Oxygen distributions were calculated by solving a reaction-diffusion equation in a reference volume using the particle strength exchange method. Different types of vessel architectures as well as different degrees of vascular heterogeneities are considered. Two types of acute hypoxia (ischemic and hypoxemic) occurring additionally to diffusion-limited (chronic) hypoxia were implemented as well.
No statistically significant differences were observed when comparing 2D- and 3D-vessel architectures (p>0.79 in all cases) and highly heterogeneously distributed linear vessels show good agreement, when comparing with published experimental intervessel distance distributions and PO2 histograms. It could be shown that, if information about additional acute hypoxia is available, its contribution to the hypoxic fraction (HF) can be simulated as well. Increases of 128% and 168% in the HF were obtained when representative cases of ischemic and hypoxemic acute hypoxia, respectively, were considered in the simulations.
The presented model is able to simulate realistic microscopic oxygen distributions in tumors assuming reasonable vessel architectures and using the vascular fraction as macroscopic input parameter. The model may be used to generate PO2 histograms, which are needed as input in models predicting the radiation response of hypoxic tumors.

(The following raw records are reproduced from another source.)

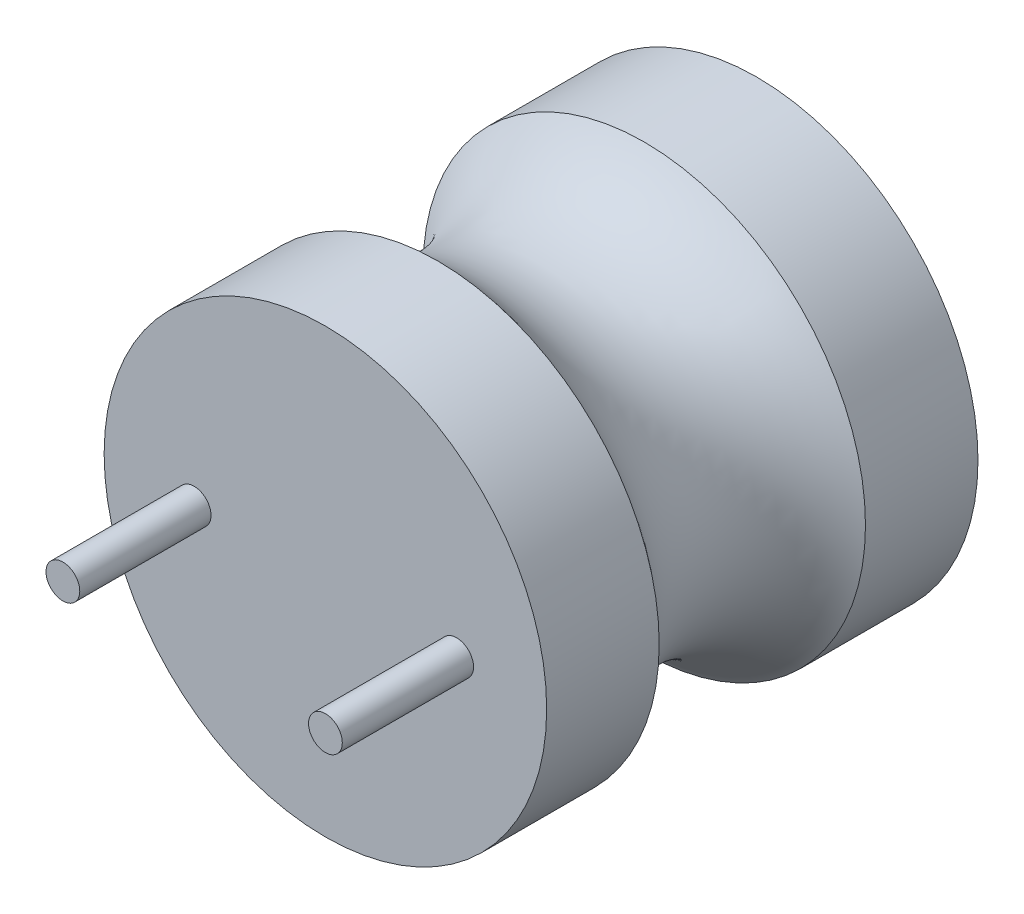
ISO-10303-21;
HEADER;
FILE_DESCRIPTION(('STEP AP214'),'2;1');
FILE_NAME('part.step','',(''),(''),'','','');
FILE_SCHEMA(('AUTOMOTIVE_DESIGN { 1 0 10303 214 1 1 1 1 }'));
ENDSEC;
DATA;
#1=APPLICATION_CONTEXT('core data for automotive mechanical design processes');
#2=APPLICATION_PROTOCOL_DEFINITION('international standard','automotive_design',2000,#1);
#3=PRODUCT_CONTEXT('',#1,'mechanical');
#4=PRODUCT('Part','Part','',(#3));
#5=PRODUCT_RELATED_PRODUCT_CATEGORY('part','',(#4));
#6=PRODUCT_DEFINITION_FORMATION('','',#4);
#7=PRODUCT_DEFINITION_CONTEXT('part definition',#1,'design');
#8=PRODUCT_DEFINITION('design','',#6,#7);
#9=PRODUCT_DEFINITION_SHAPE('','',#8);
#10=(LENGTH_UNIT() NAMED_UNIT(*) SI_UNIT(.MILLI.,.METRE.));
#11=(NAMED_UNIT(*) PLANE_ANGLE_UNIT() SI_UNIT($,.RADIAN.));
#12=(NAMED_UNIT(*) SI_UNIT($,.STERADIAN.) SOLID_ANGLE_UNIT());
#13=UNCERTAINTY_MEASURE_WITH_UNIT(LENGTH_MEASURE(1.E-05),#10,'distance_accuracy_value','');
#14=(GEOMETRIC_REPRESENTATION_CONTEXT(3) GLOBAL_UNCERTAINTY_ASSIGNED_CONTEXT((#13)) GLOBAL_UNIT_ASSIGNED_CONTEXT((#10,
#11,#12)) REPRESENTATION_CONTEXT('',''));
#15=CARTESIAN_POINT('',(0.,0.,0.));
#16=DIRECTION('',(0.,0.,1.));
#17=DIRECTION('',(1.,0.,0.));
#18=AXIS2_PLACEMENT_3D('',#15,#16,#17);
#19=CARTESIAN_POINT('',(0.,0.,0.));
#20=DIRECTION('',(0.,0.,-1.));
#21=DIRECTION('',(-1.,0.,0.));
#22=AXIS2_PLACEMENT_3D('',#19,#20,#21);
#23=PLANE('',#22);
#24=CARTESIAN_POINT('',(3.5,0.,0.));
#25=DIRECTION('',(0.,0.,-1.));
#26=DIRECTION('',(-1.,0.,0.));
#27=AXIS2_PLACEMENT_3D('',#24,#25,#26);
#28=CIRCLE('',#27,0.450000000000001);
#29=CARTESIAN_POINT('',(3.05,0.,0.));
#30=VERTEX_POINT('',#29);
#31=EDGE_CURVE('E10',#30,#30,#28,.F.);
#32=ORIENTED_EDGE('',*,*,#31,.F.);
#33=EDGE_LOOP('',(#32));
#34=FACE_BOUND('',#33,.T.);
#35=CARTESIAN_POINT('',(-3.5,0.,0.));
#36=DIRECTION('',(0.,0.,-1.));
#37=DIRECTION('',(-1.,0.,0.));
#38=AXIS2_PLACEMENT_3D('',#35,#36,#37);
#39=CIRCLE('',#38,0.45);
#40=CARTESIAN_POINT('',(-3.95,0.,0.));
#41=VERTEX_POINT('',#40);
#42=EDGE_CURVE('E37',#41,#41,#39,.F.);
#43=ORIENTED_EDGE('',*,*,#42,.F.);
#44=EDGE_LOOP('',(#43));
#45=FACE_BOUND('',#44,.T.);
#46=CARTESIAN_POINT('',(0.,0.,0.));
#47=DIRECTION('',(0.,0.,1.));
#48=DIRECTION('',(1.,0.,0.));
#49=AXIS2_PLACEMENT_3D('',#46,#47,#48);
#50=CIRCLE('',#49,5.9);
#51=CARTESIAN_POINT('',(5.9,0.,0.));
#52=VERTEX_POINT('',#51);
#53=EDGE_CURVE('E53',#52,#52,#50,.T.);
#54=ORIENTED_EDGE('',*,*,#53,.T.);
#55=EDGE_LOOP('',(#54));
#56=FACE_BOUND('',#55,.T.);
#57=ADVANCED_FACE('F31',(#34,#45,#56),#23,.F.);
#58=CARTESIAN_POINT('',(0.,0.,-11.5));
#59=DIRECTION('',(0.,0.,1.));
#60=DIRECTION('',(1.,0.,0.));
#61=AXIS2_PLACEMENT_3D('',#58,#59,#60);
#62=PLANE('',#61);
#63=CARTESIAN_POINT('',(0.,0.,-11.5));
#64=DIRECTION('',(0.,0.,1.));
#65=DIRECTION('',(1.,0.,0.));
#66=AXIS2_PLACEMENT_3D('',#63,#64,#65);
#67=CIRCLE('',#66,5.9);
#68=CARTESIAN_POINT('',(5.9,0.,-11.5));
#69=VERTEX_POINT('',#68);
#70=EDGE_CURVE('E41',#69,#69,#67,.T.);
#71=ORIENTED_EDGE('',*,*,#70,.F.);
#72=EDGE_LOOP('',(#71));
#73=FACE_BOUND('',#72,.T.);
#74=ADVANCED_FACE('F78',(#73),#62,.F.);
#75=CARTESIAN_POINT('',(0.,0.,0.));
#76=DIRECTION('',(0.,0.,1.));
#77=DIRECTION('',(1.,0.,0.));
#78=AXIS2_PLACEMENT_3D('',#75,#76,#77);
#79=CYLINDRICAL_SURFACE('',#78,5.9);
#80=CARTESIAN_POINT('',(0.,0.,-8.5));
#81=DIRECTION('',(0.,0.,1.));
#82=DIRECTION('',(1.,0.,0.));
#83=AXIS2_PLACEMENT_3D('',#80,#81,#82);
#84=CIRCLE('',#83,5.9);
#85=CARTESIAN_POINT('',(5.9,0.,-8.5));
#86=VERTEX_POINT('',#85);
#87=EDGE_CURVE('E45',#86,#86,#84,.T.);
#88=ORIENTED_EDGE('',*,*,#87,.F.);
#89=EDGE_LOOP('',(#88));
#90=FACE_BOUND('',#89,.T.);
#91=ORIENTED_EDGE('',*,*,#70,.T.);
#92=EDGE_LOOP('',(#91));
#93=FACE_BOUND('',#92,.T.);
#94=ADVANCED_FACE('F83',(#90,#93),#79,.T.);
#95=CARTESIAN_POINT('',(0.,0.,-5.75));
#96=DIRECTION('',(0.,0.,1.));
#97=DIRECTION('',(1.,0.,0.));
#98=AXIS2_PLACEMENT_3D('',#95,#96,#97);
#99=TOROIDAL_SURFACE('',#98,7.90089285714285,3.40089285714285);
#100=CARTESIAN_POINT('',(0.,0.,-3.));
#101=DIRECTION('',(0.,0.,1.));
#102=DIRECTION('',(1.,0.,0.));
#103=AXIS2_PLACEMENT_3D('',#100,#101,#102);
#104=CIRCLE('',#103,5.9);
#105=CARTESIAN_POINT('',(5.9,0.,-3.));
#106=VERTEX_POINT('',#105);
#107=EDGE_CURVE('E50',#106,#106,#104,.T.);
#108=ORIENTED_EDGE('',*,*,#107,.F.);
#109=EDGE_LOOP('',(#108));
#110=FACE_BOUND('',#109,.T.);
#111=ORIENTED_EDGE('',*,*,#87,.T.);
#112=EDGE_LOOP('',(#111));
#113=FACE_BOUND('',#112,.T.);
#114=ADVANCED_FACE('F92',(#110,#113),#99,.F.);
#115=CARTESIAN_POINT('',(0.,0.,0.));
#116=DIRECTION('',(0.,0.,1.));
#117=DIRECTION('',(1.,0.,0.));
#118=AXIS2_PLACEMENT_3D('',#115,#116,#117);
#119=CYLINDRICAL_SURFACE('',#118,5.9);
#120=ORIENTED_EDGE('',*,*,#53,.F.);
#121=EDGE_LOOP('',(#120));
#122=FACE_BOUND('',#121,.T.);
#123=ORIENTED_EDGE('',*,*,#107,.T.);
#124=EDGE_LOOP('',(#123));
#125=FACE_BOUND('',#124,.T.);
#126=ADVANCED_FACE('F89',(#122,#125),#119,.T.);
#127=CARTESIAN_POINT('',(-3.5,0.,3.5));
#128=DIRECTION('',(0.,0.,-1.));
#129=DIRECTION('',(-1.,0.,0.));
#130=AXIS2_PLACEMENT_3D('',#127,#128,#129);
#131=CYLINDRICAL_SURFACE('',#130,0.45);
#132=CARTESIAN_POINT('',(-3.5,0.,3.5));
#133=DIRECTION('',(0.,0.,1.));
#134=DIRECTION('',(1.,0.,0.));
#135=AXIS2_PLACEMENT_3D('',#132,#133,#134);
#136=CIRCLE('',#135,0.45);
#137=CARTESIAN_POINT('',(-3.05,0.,3.5));
#138=VERTEX_POINT('',#137);
#139=EDGE_CURVE('E56',#138,#138,#136,.T.);
#140=ORIENTED_EDGE('',*,*,#139,.F.);
#141=EDGE_LOOP('',(#140));
#142=FACE_BOUND('',#141,.T.);
#143=ORIENTED_EDGE('',*,*,#42,.T.);
#144=EDGE_LOOP('',(#143));
#145=FACE_BOUND('',#144,.T.);
#146=ADVANCED_FACE('F74',(#142,#145),#131,.T.);
#147=CARTESIAN_POINT('',(-3.5,0.,3.5));
#148=DIRECTION('',(0.,0.,1.));
#149=DIRECTION('',(1.,0.,0.));
#150=AXIS2_PLACEMENT_3D('',#147,#148,#149);
#151=PLANE('',#150);
#152=ORIENTED_EDGE('',*,*,#139,.T.);
#153=EDGE_LOOP('',(#152));
#154=FACE_BOUND('',#153,.T.);
#155=ADVANCED_FACE('F67',(#154),#151,.T.);
#156=CARTESIAN_POINT('',(3.5,0.,3.5));
#157=DIRECTION('',(0.,0.,-1.));
#158=DIRECTION('',(-1.,0.,0.));
#159=AXIS2_PLACEMENT_3D('',#156,#157,#158);
#160=CYLINDRICAL_SURFACE('',#159,0.450000000000001);
#161=CARTESIAN_POINT('',(3.5,0.,3.5));
#162=DIRECTION('',(0.,0.,1.));
#163=DIRECTION('',(1.,0.,0.));
#164=AXIS2_PLACEMENT_3D('',#161,#162,#163);
#165=CIRCLE('',#164,0.450000000000001);
#166=CARTESIAN_POINT('',(3.95,0.,3.5));
#167=VERTEX_POINT('',#166);
#168=EDGE_CURVE('E59',#167,#167,#165,.T.);
#169=ORIENTED_EDGE('',*,*,#168,.F.);
#170=EDGE_LOOP('',(#169));
#171=FACE_BOUND('',#170,.T.);
#172=ORIENTED_EDGE('',*,*,#31,.T.);
#173=EDGE_LOOP('',(#172));
#174=FACE_BOUND('',#173,.T.);
#175=ADVANCED_FACE('F65',(#171,#174),#160,.T.);
#176=CARTESIAN_POINT('',(3.5,0.,3.5));
#177=DIRECTION('',(0.,0.,1.));
#178=DIRECTION('',(1.,0.,0.));
#179=AXIS2_PLACEMENT_3D('',#176,#177,#178);
#180=PLANE('',#179);
#181=ORIENTED_EDGE('',*,*,#168,.T.);
#182=EDGE_LOOP('',(#181));
#183=FACE_BOUND('',#182,.T.);
#184=ADVANCED_FACE('F63',(#183),#180,.T.);
#185=CLOSED_SHELL('',(#57,#74,#94,#114,#126,#146,#155,#175,#184));
#186=MANIFOLD_SOLID_BREP('B2',#185);
#187=ADVANCED_BREP_SHAPE_REPRESENTATION('',(#18,#186),#14);
#188=SHAPE_DEFINITION_REPRESENTATION(#9,#187);
ENDSEC;
END-ISO-10303-21;

由于缺氧细胞对光子辐射更具抵抗力,因此在放射治疗前,需要获得肿瘤内氧气分布的信息。目前,非侵入性技术无法提供具有足够空间分辨率的可靠氧合图;因此,数学模型可能有助于模拟微血管结构和周围组织中的氧气分布。在这里,作者提出了一种新的计算机模型,该模型使用肿瘤体素的血管分数作为输入参数,假设特定的 3D 血管结构,模拟肿瘤中真实的 PO2 直方图。
通过使用粒子强度交换方法在参考体积中求解反应-扩散方程来计算氧气分布。考虑了不同类型的血管结构和不同程度的血管异质性。还实现了除扩散限制(慢性)缺氧之外的两种类型的急性缺氧(缺血性和低氧性)。
当比较 2D 和 3D 血管结构时,没有观察到统计学上的显著差异(在所有情况下 p>0.79),并且高度异质分布的线性血管与公布的实验血管间距离分布和 PO2 直方图具有良好的一致性。结果表明,如果有关于额外急性缺氧的信息,则可以模拟其对缺氧分数(HF)的贡献。当在模拟中考虑代表性的缺血性和低氧性急性缺氧病例时,HF 增加了 128%和 168%。
所提出的模型能够模拟肿瘤中真实的微观氧气分布,假设合理的血管结构,并将血管分数用作宏观输入参数。该模型可用于生成 PO2 直方图,这些直方图是预测缺氧肿瘤辐射反应的模型所需的输入。